Because stalls or permanent forks may threaten the smooth functioning of the network and its convergence property, “slashing” conditions have been proposed for PoS systems. For example, in Ethereum 2.0 with CASPER, nodes get penalized for going offline. Again, this “solution” may introduce new tradeoffs. Out of fear of losing money due to slashing, stakers can be disincentivized from staking, for example in the case nodes become non-operational because of a DDoS attack.
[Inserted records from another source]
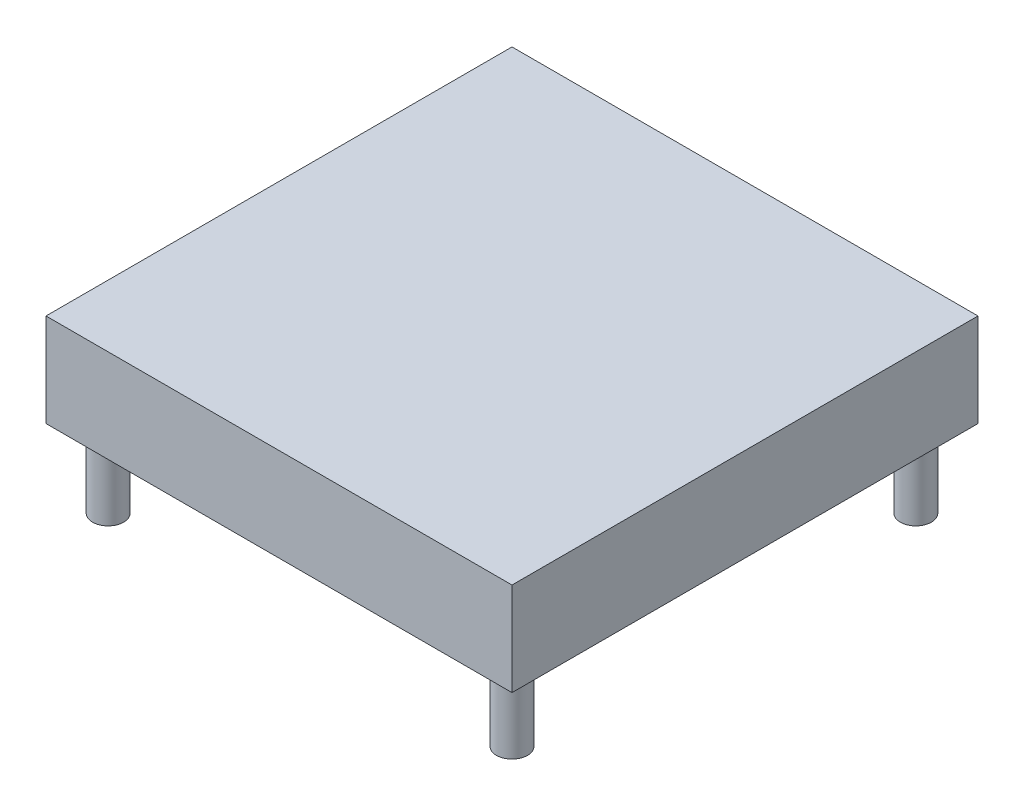
ISO-10303-21;
HEADER;
FILE_DESCRIPTION(('STEP AP214'),'2;1');
FILE_NAME('part.step','',(''),(''),'','','');
FILE_SCHEMA(('AUTOMOTIVE_DESIGN { 1 0 10303 214 1 1 1 1 }'));
ENDSEC;
DATA;
#1=APPLICATION_CONTEXT('core data for automotive mechanical design processes');
#2=APPLICATION_PROTOCOL_DEFINITION('international standard','automotive_design',2000,#1);
#3=PRODUCT_CONTEXT('',#1,'mechanical');
#4=PRODUCT('Part','Part','',(#3));
#5=PRODUCT_RELATED_PRODUCT_CATEGORY('part','',(#4));
#6=PRODUCT_DEFINITION_FORMATION('','',#4);
#7=PRODUCT_DEFINITION_CONTEXT('part definition',#1,'design');
#8=PRODUCT_DEFINITION('design','',#6,#7);
#9=PRODUCT_DEFINITION_SHAPE('','',#8);
#10=(LENGTH_UNIT() NAMED_UNIT(*) SI_UNIT(.MILLI.,.METRE.));
#11=(NAMED_UNIT(*) PLANE_ANGLE_UNIT() SI_UNIT($,.RADIAN.));
#12=(NAMED_UNIT(*) SI_UNIT($,.STERADIAN.) SOLID_ANGLE_UNIT());
#13=UNCERTAINTY_MEASURE_WITH_UNIT(LENGTH_MEASURE(1.E-05),#10,'distance_accuracy_value','');
#14=(GEOMETRIC_REPRESENTATION_CONTEXT(3) GLOBAL_UNCERTAINTY_ASSIGNED_CONTEXT((#13)) GLOBAL_UNIT_ASSIGNED_CONTEXT((#10,
#11,#12)) REPRESENTATION_CONTEXT('',''));
#15=CARTESIAN_POINT('',(0.,0.,0.));
#16=DIRECTION('',(0.,0.,1.));
#17=DIRECTION('',(1.,0.,0.));
#18=AXIS2_PLACEMENT_3D('',#15,#16,#17);
#19=CARTESIAN_POINT('',(19.05,0.,19.05));
#20=DIRECTION('',(0.,1.,0.));
#21=DIRECTION('',(0.,0.,1.));
#22=AXIS2_PLACEMENT_3D('',#19,#20,#21);
#23=PLANE('',#22);
#24=CARTESIAN_POINT('',(-16.51,0.,-16.51));
#25=DIRECTION('',(0.,1.,0.));
#26=DIRECTION('',(0.,0.,1.));
#27=AXIS2_PLACEMENT_3D('',#24,#25,#26);
#28=CIRCLE('',#27,1.27);
#29=CARTESIAN_POINT('',(-16.51,0.,-15.24));
#30=VERTEX_POINT('',#29);
#31=EDGE_CURVE('E39',#30,#30,#28,.F.);
#32=ORIENTED_EDGE('',*,*,#31,.F.);
#33=EDGE_LOOP('',(#32));
#34=FACE_BOUND('',#33,.T.);
#35=CARTESIAN_POINT('',(16.51,0.,16.51));
#36=DIRECTION('',(0.,1.,0.));
#37=DIRECTION('',(0.,0.,1.));
#38=AXIS2_PLACEMENT_3D('',#35,#36,#37);
#39=CIRCLE('',#38,1.27);
#40=CARTESIAN_POINT('',(16.51,0.,17.78));
#41=VERTEX_POINT('',#40);
#42=EDGE_CURVE('E108',#41,#41,#39,.F.);
#43=ORIENTED_EDGE('',*,*,#42,.F.);
#44=EDGE_LOOP('',(#43));
#45=FACE_BOUND('',#44,.T.);
#46=DIRECTION('',(0.,0.,-1.));
#47=VECTOR('',#46,1.);
#48=CARTESIAN_POINT('',(19.05,0.,-19.05));
#49=LINE('',#48,#47);
#50=CARTESIAN_POINT('',(19.05,0.,19.05));
#51=VERTEX_POINT('',#50);
#52=CARTESIAN_POINT('',(19.05,0.,-19.05));
#53=VERTEX_POINT('',#52);
#54=EDGE_CURVE('E98',#51,#53,#49,.T.);
#55=ORIENTED_EDGE('',*,*,#54,.F.);
#56=DIRECTION('',(1.,0.,0.));
#57=VECTOR('',#56,1.);
#58=CARTESIAN_POINT('',(-19.05,0.,19.05));
#59=LINE('',#58,#57);
#60=CARTESIAN_POINT('',(-19.05,0.,19.05));
#61=VERTEX_POINT('',#60);
#62=EDGE_CURVE('E70',#61,#51,#59,.T.);
#63=ORIENTED_EDGE('',*,*,#62,.F.);
#64=DIRECTION('',(0.,0.,1.));
#65=VECTOR('',#64,1.);
#66=CARTESIAN_POINT('',(-19.05,0.,-19.05));
#67=LINE('',#66,#65);
#68=CARTESIAN_POINT('',(-19.05,0.,-19.05));
#69=VERTEX_POINT('',#68);
#70=EDGE_CURVE('E64',#69,#61,#67,.T.);
#71=ORIENTED_EDGE('',*,*,#70,.F.);
#72=DIRECTION('',(-1.,0.,0.));
#73=VECTOR('',#72,1.);
#74=CARTESIAN_POINT('',(-19.05,0.,-19.05));
#75=LINE('',#74,#73);
#76=EDGE_CURVE('E88',#53,#69,#75,.T.);
#77=ORIENTED_EDGE('',*,*,#76,.F.);
#78=EDGE_LOOP('',(#55,#63,#71,#77));
#79=FACE_BOUND('',#78,.T.);
#80=CARTESIAN_POINT('',(16.51,0.,-16.51));
#81=DIRECTION('',(0.,1.,0.));
#82=DIRECTION('',(0.,0.,1.));
#83=AXIS2_PLACEMENT_3D('',#80,#81,#82);
#84=CIRCLE('',#83,1.27);
#85=CARTESIAN_POINT('',(16.51,0.,-15.24));
#86=VERTEX_POINT('',#85);
#87=EDGE_CURVE('E111',#86,#86,#84,.F.);
#88=ORIENTED_EDGE('',*,*,#87,.F.);
#89=EDGE_LOOP('',(#88));
#90=FACE_BOUND('',#89,.T.);
#91=CARTESIAN_POINT('',(-16.51,0.,16.51));
#92=DIRECTION('',(0.,1.,0.));
#93=DIRECTION('',(0.,0.,1.));
#94=AXIS2_PLACEMENT_3D('',#91,#92,#93);
#95=CIRCLE('',#94,1.27);
#96=CARTESIAN_POINT('',(-16.51,0.,17.78));
#97=VERTEX_POINT('',#96);
#98=EDGE_CURVE('E11',#97,#97,#95,.F.);
#99=ORIENTED_EDGE('',*,*,#98,.F.);
#100=EDGE_LOOP('',(#99));
#101=FACE_BOUND('',#100,.T.);
#102=ADVANCED_FACE('F30',(#34,#45,#79,#90,#101),#23,.F.);
#103=CARTESIAN_POINT('',(19.05,7.62,-19.05));
#104=DIRECTION('',(-1.,0.,0.));
#105=DIRECTION('',(0.,0.,1.));
#106=AXIS2_PLACEMENT_3D('',#103,#104,#105);
#107=PLANE('',#106);
#108=ORIENTED_EDGE('',*,*,#54,.T.);
#109=DIRECTION('',(0.,-1.,0.));
#110=VECTOR('',#109,1.);
#111=CARTESIAN_POINT('',(19.05,7.62,-19.05));
#112=LINE('',#111,#110);
#113=CARTESIAN_POINT('',(19.05,7.62,-19.05));
#114=VERTEX_POINT('',#113);
#115=EDGE_CURVE('E89',#114,#53,#112,.T.);
#116=ORIENTED_EDGE('',*,*,#115,.F.);
#117=DIRECTION('',(0.,0.,-1.));
#118=VECTOR('',#117,1.);
#119=CARTESIAN_POINT('',(19.05,7.62,-19.05));
#120=LINE('',#119,#118);
#121=CARTESIAN_POINT('',(19.05,7.62,19.05));
#122=VERTEX_POINT('',#121);
#123=EDGE_CURVE('E83',#122,#114,#120,.T.);
#124=ORIENTED_EDGE('',*,*,#123,.F.);
#125=DIRECTION('',(0.,-1.,0.));
#126=VECTOR('',#125,1.);
#127=CARTESIAN_POINT('',(19.05,7.62,19.05));
#128=LINE('',#127,#126);
#129=EDGE_CURVE('E94',#122,#51,#128,.T.);
#130=ORIENTED_EDGE('',*,*,#129,.T.);
#131=EDGE_LOOP('',(#108,#116,#124,#130));
#132=FACE_BOUND('',#131,.T.);
#133=ADVANCED_FACE('F32',(#132),#107,.F.);
#134=CARTESIAN_POINT('',(-19.05,7.62,-19.05));
#135=DIRECTION('',(0.,0.,1.));
#136=DIRECTION('',(1.,0.,0.));
#137=AXIS2_PLACEMENT_3D('',#134,#135,#136);
#138=PLANE('',#137);
#139=ORIENTED_EDGE('',*,*,#76,.T.);
#140=DIRECTION('',(0.,-1.,0.));
#141=VECTOR('',#140,1.);
#142=CARTESIAN_POINT('',(-19.05,7.62,-19.05));
#143=LINE('',#142,#141);
#144=CARTESIAN_POINT('',(-19.05,7.62,-19.05));
#145=VERTEX_POINT('',#144);
#146=EDGE_CURVE('E86',#145,#69,#143,.T.);
#147=ORIENTED_EDGE('',*,*,#146,.F.);
#148=DIRECTION('',(-1.,0.,0.));
#149=VECTOR('',#148,1.);
#150=CARTESIAN_POINT('',(-19.05,7.62,-19.05));
#151=LINE('',#150,#149);
#152=EDGE_CURVE('E78',#114,#145,#151,.T.);
#153=ORIENTED_EDGE('',*,*,#152,.F.);
#154=ORIENTED_EDGE('',*,*,#115,.T.);
#155=EDGE_LOOP('',(#139,#147,#153,#154));
#156=FACE_BOUND('',#155,.T.);
#157=ADVANCED_FACE('F87',(#156),#138,.F.);
#158=CARTESIAN_POINT('',(-19.05,7.62,-19.05));
#159=DIRECTION('',(1.,0.,0.));
#160=DIRECTION('',(0.,0.,-1.));
#161=AXIS2_PLACEMENT_3D('',#158,#159,#160);
#162=PLANE('',#161);
#163=ORIENTED_EDGE('',*,*,#70,.T.);
#164=DIRECTION('',(0.,-1.,0.));
#165=VECTOR('',#164,1.);
#166=CARTESIAN_POINT('',(-19.05,7.62,19.05));
#167=LINE('',#166,#165);
#168=CARTESIAN_POINT('',(-19.05,7.62,19.05));
#169=VERTEX_POINT('',#168);
#170=EDGE_CURVE('E90',#169,#61,#167,.T.);
#171=ORIENTED_EDGE('',*,*,#170,.F.);
#172=DIRECTION('',(0.,0.,1.));
#173=VECTOR('',#172,1.);
#174=CARTESIAN_POINT('',(-19.05,7.62,-19.05));
#175=LINE('',#174,#173);
#176=EDGE_CURVE('E81',#145,#169,#175,.T.);
#177=ORIENTED_EDGE('',*,*,#176,.F.);
#178=ORIENTED_EDGE('',*,*,#146,.T.);
#179=EDGE_LOOP('',(#163,#171,#177,#178));
#180=FACE_BOUND('',#179,.T.);
#181=ADVANCED_FACE('F92',(#180),#162,.F.);
#182=CARTESIAN_POINT('',(-19.05,7.62,19.05));
#183=DIRECTION('',(0.,0.,-1.));
#184=DIRECTION('',(-1.,0.,0.));
#185=AXIS2_PLACEMENT_3D('',#182,#183,#184);
#186=PLANE('',#185);
#187=ORIENTED_EDGE('',*,*,#62,.T.);
#188=ORIENTED_EDGE('',*,*,#129,.F.);
#189=DIRECTION('',(1.,0.,0.));
#190=VECTOR('',#189,1.);
#191=CARTESIAN_POINT('',(-19.05,7.62,19.05));
#192=LINE('',#191,#190);
#193=EDGE_CURVE('E47',#169,#122,#192,.T.);
#194=ORIENTED_EDGE('',*,*,#193,.F.);
#195=ORIENTED_EDGE('',*,*,#170,.T.);
#196=EDGE_LOOP('',(#187,#188,#194,#195));
#197=FACE_BOUND('',#196,.T.);
#198=ADVANCED_FACE('F165',(#197),#186,.F.);
#199=CARTESIAN_POINT('',(19.05,7.62,19.05));
#200=DIRECTION('',(0.,1.,0.));
#201=DIRECTION('',(0.,0.,1.));
#202=AXIS2_PLACEMENT_3D('',#199,#200,#201);
#203=PLANE('',#202);
#204=ORIENTED_EDGE('',*,*,#123,.T.);
#205=ORIENTED_EDGE('',*,*,#152,.T.);
#206=ORIENTED_EDGE('',*,*,#176,.T.);
#207=ORIENTED_EDGE('',*,*,#193,.T.);
#208=EDGE_LOOP('',(#204,#205,#206,#207));
#209=FACE_BOUND('',#208,.T.);
#210=ADVANCED_FACE('F79',(#209),#203,.T.);
#211=CARTESIAN_POINT('',(16.51,-6.35,16.51));
#212=DIRECTION('',(0.,1.,0.));
#213=DIRECTION('',(0.,0.,1.));
#214=AXIS2_PLACEMENT_3D('',#211,#212,#213);
#215=CYLINDRICAL_SURFACE('',#214,1.27);
#216=CARTESIAN_POINT('',(16.51,-6.35,16.51));
#217=DIRECTION('',(0.,-1.,0.));
#218=DIRECTION('',(0.,0.,-1.));
#219=AXIS2_PLACEMENT_3D('',#216,#217,#218);
#220=CIRCLE('',#219,1.27);
#221=CARTESIAN_POINT('',(16.51,-6.35,15.24));
#222=VERTEX_POINT('',#221);
#223=EDGE_CURVE('E101',#222,#222,#220,.T.);
#224=ORIENTED_EDGE('',*,*,#223,.F.);
#225=EDGE_LOOP('',(#224));
#226=FACE_BOUND('',#225,.T.);
#227=ORIENTED_EDGE('',*,*,#42,.T.);
#228=EDGE_LOOP('',(#227));
#229=FACE_BOUND('',#228,.T.);
#230=ADVANCED_FACE('F159',(#226,#229),#215,.T.);
#231=CARTESIAN_POINT('',(16.51,-6.35,16.51));
#232=DIRECTION('',(0.,-1.,0.));
#233=DIRECTION('',(0.,0.,-1.));
#234=AXIS2_PLACEMENT_3D('',#231,#232,#233);
#235=PLANE('',#234);
#236=ORIENTED_EDGE('',*,*,#223,.T.);
#237=EDGE_LOOP('',(#236));
#238=FACE_BOUND('',#237,.T.);
#239=ADVANCED_FACE('F155',(#238),#235,.T.);
#240=CARTESIAN_POINT('',(16.51,-6.35,-16.51));
#241=DIRECTION('',(0.,1.,0.));
#242=DIRECTION('',(0.,0.,1.));
#243=AXIS2_PLACEMENT_3D('',#240,#241,#242);
#244=CYLINDRICAL_SURFACE('',#243,1.27);
#245=CARTESIAN_POINT('',(16.51,-6.35,-16.51));
#246=DIRECTION('',(0.,-1.,0.));
#247=DIRECTION('',(0.,0.,1.));
#248=AXIS2_PLACEMENT_3D('',#245,#246,#247);
#249=CIRCLE('',#248,1.27);
#250=CARTESIAN_POINT('',(16.51,-6.35,-15.24));
#251=VERTEX_POINT('',#250);
#252=EDGE_CURVE('E180',#251,#251,#249,.T.);
#253=ORIENTED_EDGE('',*,*,#252,.F.);
#254=EDGE_LOOP('',(#253));
#255=FACE_BOUND('',#254,.T.);
#256=ORIENTED_EDGE('',*,*,#87,.T.);
#257=EDGE_LOOP('',(#256));
#258=FACE_BOUND('',#257,.T.);
#259=ADVANCED_FACE('F151',(#255,#258),#244,.T.);
#260=CARTESIAN_POINT('',(16.51,-6.35,-16.51));
#261=DIRECTION('',(0.,1.,0.));
#262=DIRECTION('',(0.,0.,1.));
#263=AXIS2_PLACEMENT_3D('',#260,#261,#262);
#264=PLANE('',#263);
#265=ORIENTED_EDGE('',*,*,#252,.T.);
#266=EDGE_LOOP('',(#265));
#267=FACE_BOUND('',#266,.T.);
#268=ADVANCED_FACE('F147',(#267),#264,.F.);
#269=CARTESIAN_POINT('',(-16.51,-6.35,-16.51));
#270=DIRECTION('',(0.,1.,0.));
#271=DIRECTION('',(0.,0.,1.));
#272=AXIS2_PLACEMENT_3D('',#269,#270,#271);
#273=CYLINDRICAL_SURFACE('',#272,1.27);
#274=CARTESIAN_POINT('',(-16.51,-6.35,-16.51));
#275=DIRECTION('',(0.,-1.,0.));
#276=DIRECTION('',(0.,0.,-1.));
#277=AXIS2_PLACEMENT_3D('',#274,#275,#276);
#278=CIRCLE('',#277,1.27);
#279=CARTESIAN_POINT('',(-16.51,-6.35,-17.78));
#280=VERTEX_POINT('',#279);
#281=EDGE_CURVE('E183',#280,#280,#278,.T.);
#282=ORIENTED_EDGE('',*,*,#281,.F.);
#283=EDGE_LOOP('',(#282));
#284=FACE_BOUND('',#283,.T.);
#285=ORIENTED_EDGE('',*,*,#31,.T.);
#286=EDGE_LOOP('',(#285));
#287=FACE_BOUND('',#286,.T.);
#288=ADVANCED_FACE('F116',(#284,#287),#273,.T.);
#289=CARTESIAN_POINT('',(-16.51,-6.35,-16.51));
#290=DIRECTION('',(0.,-1.,0.));
#291=DIRECTION('',(0.,0.,-1.));
#292=AXIS2_PLACEMENT_3D('',#289,#290,#291);
#293=PLANE('',#292);
#294=ORIENTED_EDGE('',*,*,#281,.T.);
#295=EDGE_LOOP('',(#294));
#296=FACE_BOUND('',#295,.T.);
#297=ADVANCED_FACE('F132',(#296),#293,.T.);
#298=CARTESIAN_POINT('',(-16.51,-6.35,16.51));
#299=DIRECTION('',(0.,1.,0.));
#300=DIRECTION('',(0.,0.,1.));
#301=AXIS2_PLACEMENT_3D('',#298,#299,#300);
#302=CYLINDRICAL_SURFACE('',#301,1.27);
#303=CARTESIAN_POINT('',(-16.51,-6.35,16.51));
#304=DIRECTION('',(0.,-1.,0.));
#305=DIRECTION('',(0.,0.,1.));
#306=AXIS2_PLACEMENT_3D('',#303,#304,#305);
#307=CIRCLE('',#306,1.27);
#308=CARTESIAN_POINT('',(-16.51,-6.35,17.78));
#309=VERTEX_POINT('',#308);
#310=EDGE_CURVE('E186',#309,#309,#307,.T.);
#311=ORIENTED_EDGE('',*,*,#310,.F.);
#312=EDGE_LOOP('',(#311));
#313=FACE_BOUND('',#312,.T.);
#314=ORIENTED_EDGE('',*,*,#98,.T.);
#315=EDGE_LOOP('',(#314));
#316=FACE_BOUND('',#315,.T.);
#317=ADVANCED_FACE('F129',(#313,#316),#302,.T.);
#318=CARTESIAN_POINT('',(-16.51,-6.35,16.51));
#319=DIRECTION('',(0.,1.,0.));
#320=DIRECTION('',(0.,0.,1.));
#321=AXIS2_PLACEMENT_3D('',#318,#319,#320);
#322=PLANE('',#321);
#323=ORIENTED_EDGE('',*,*,#310,.T.);
#324=EDGE_LOOP('',(#323));
#325=FACE_BOUND('',#324,.T.);
#326=ADVANCED_FACE('F131',(#325),#322,.F.);
#327=CLOSED_SHELL('',(#102,#133,#157,#181,#198,#210,#230,#239,#259,#268,#288,#297,#317,#326));
#328=MANIFOLD_SOLID_BREP('B2',#327);
#329=ADVANCED_BREP_SHAPE_REPRESENTATION('',(#18,#328),#14);
#330=SHAPE_DEFINITION_REPRESENTATION(#9,#329);
ENDSEC;
END-ISO-10303-21;

And the fewer the stakers, the more the network is centralized.

Conclusion: Is the security of Bitcoin PoW still unparalleled?

All PoS systems are still experimental pieces of software lending themselves to serious considerations about centralization and other tradeoffs. There is not a straightforward alternative technology ready to substitute PoW, which really has the same degree of decentralization the Bitcoin network has. That being said: for governance, we see some sort of staking mechanism to provide a valid use case. Distributing the ownership within a DAO could be such a use case. For a decentralized base layer blockchain though, we find it really hard to replace what is known as Bitcoin’s Nakamoto consensus in terms of security and decentralization. Nevertheless, for the sake of innovation and progress, it is worth exploring any possible way, from PoS to interesting PoS/PoW hybrids.